-- Opening Marker --
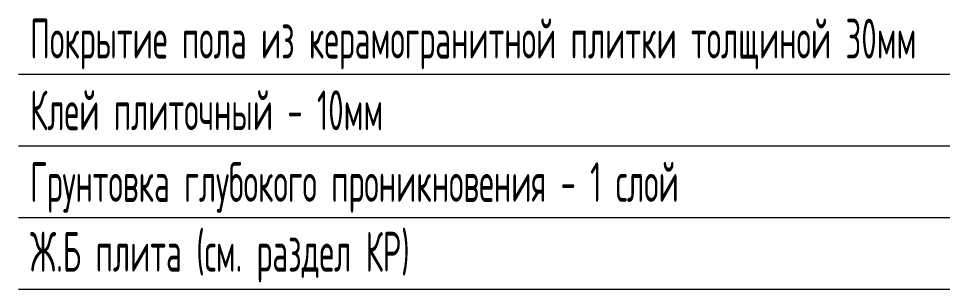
# Model space of a CAD drawing. Header units: millimetres. Extents: x 504091 to 2165846, y 135022 to 442887.
# Drawn here: x 1287886 to 1293679, y 262779 to 264481 of the extents above; entities that cross this region are included whole.
import ezdxf

# ---------------------------------------------------------------- set-up
doc = ezdxf.new("R2010")
doc.units = ezdxf.units.MM
doc.layers.add('ВСПОМОГАТЕЛЬНЫЙ', color=52, linetype='Continuous', lineweight=5, plot=False)
doc.styles.add('GOST 2.304', font='CS_Gost2304.shx', dxfattribs={"width": 0.6, "oblique": 15})

msp = doc.modelspace()

# ---------------------------------------------------------------- linework, layer by layer
at = {"layer": 'ВСПОМОГАТЕЛЬНЫЙ', "color": 7, "ltscale": 100}
for p, q in [((1295994.2595, 264129.0077), (1287886.4213, 264129.0077)), ((1295994.2595, 263679.0077), (1287886.4213, 263679.0077)), ((1295994.2595, 263229.0077), (1287886.4213, 263229.0077)), ((1295994.2595, 262779.0077), (1287886.4213, 262779.0077))]:
    msp.add_line(p, q, dxfattribs=at)

# ---------------------------------------------------------------- texts
at = {"layer": 'ВСПОМОГАТЕЛЬНЫЙ', "color": 7, "ltscale": 100, "style": 'GOST 2.304', "width": 0.7}
for s, p in [('Покрытие пола из керамогранитной плитки толщиной 30мм', (1287959.0802, 264229.0077)), ('Клей плиточный - 10мм', (1287959.0802, 263779.0077)), ('Грунтовка глубокого проникновения - 1 слой', (1287959.0802, 263329.0077)), ('Ж.Б плита (см. раздел КР)', (1287959.0802, 262891.2804))]:
    msp.add_text(s, height=250, dxfattribs=at).set_placement(p)

doc.saveas('drawing.dxf')
-- Closing Marker --
## What to do:
Images are to be left out; everything else in the material must be written out exactly.

## Result for this exercise:
# Model space of a CAD drawing. Header units: millimetres. Extents: x 504091 to 2165846, y 135022 to 442887.
# Drawn here: x 1287886 to 1293679, y 262779 to 264481 of the extents above; entities that cross this region are included whole.
import ezdxf

# ---------------------------------------------------------------- set-up
doc = ezdxf.new("R2010")
doc.units = ezdxf.units.MM
doc.layers.add('ВСПОМОГАТЕЛЬНЫЙ', color=52, linetype='Continuous', lineweight=5, plot=False)
doc.styles.add('GOST 2.304', font='CS_Gost2304.shx', dxfattribs={"width": 0.6, "oblique": 15})

msp = doc.modelspace()

# ---------------------------------------------------------------- linework, layer by layer
at = {"layer": 'ВСПОМОГАТЕЛЬНЫЙ', "color": 7, "ltscale": 100}
for p, q in [((1295994.2595, 264129.0077), (1287886.4213, 264129.0077)), ((1295994.2595, 263679.0077), (1287886.4213, 263679.0077)), ((1295994.2595, 263229.0077), (1287886.4213, 263229.0077)), ((1295994.2595, 262779.0077), (1287886.4213, 262779.0077))]:
    msp.add_line(p, q, dxfattribs=at)

# ---------------------------------------------------------------- texts
at = {"layer": 'ВСПОМОГАТЕЛЬНЫЙ', "color": 7, "ltscale": 100, "style": 'GOST 2.304', "width": 0.7}
for s, p in [('Покрытие пола из керамогранитной плитки толщиной 30мм', (1287959.0802, 264229.0077)), ('Клей плиточный - 10мм', (1287959.0802, 263779.0077)), ('Грунтовка глубокого проникновения - 1 слой', (1287959.0802, 263329.0077)), ('Ж.Б плита (см. раздел КР)', (1287959.0802, 262891.2804))]:
    msp.add_text(s, height=250, dxfattribs=at).set_placement(p)

doc.saveas('drawing.dxf')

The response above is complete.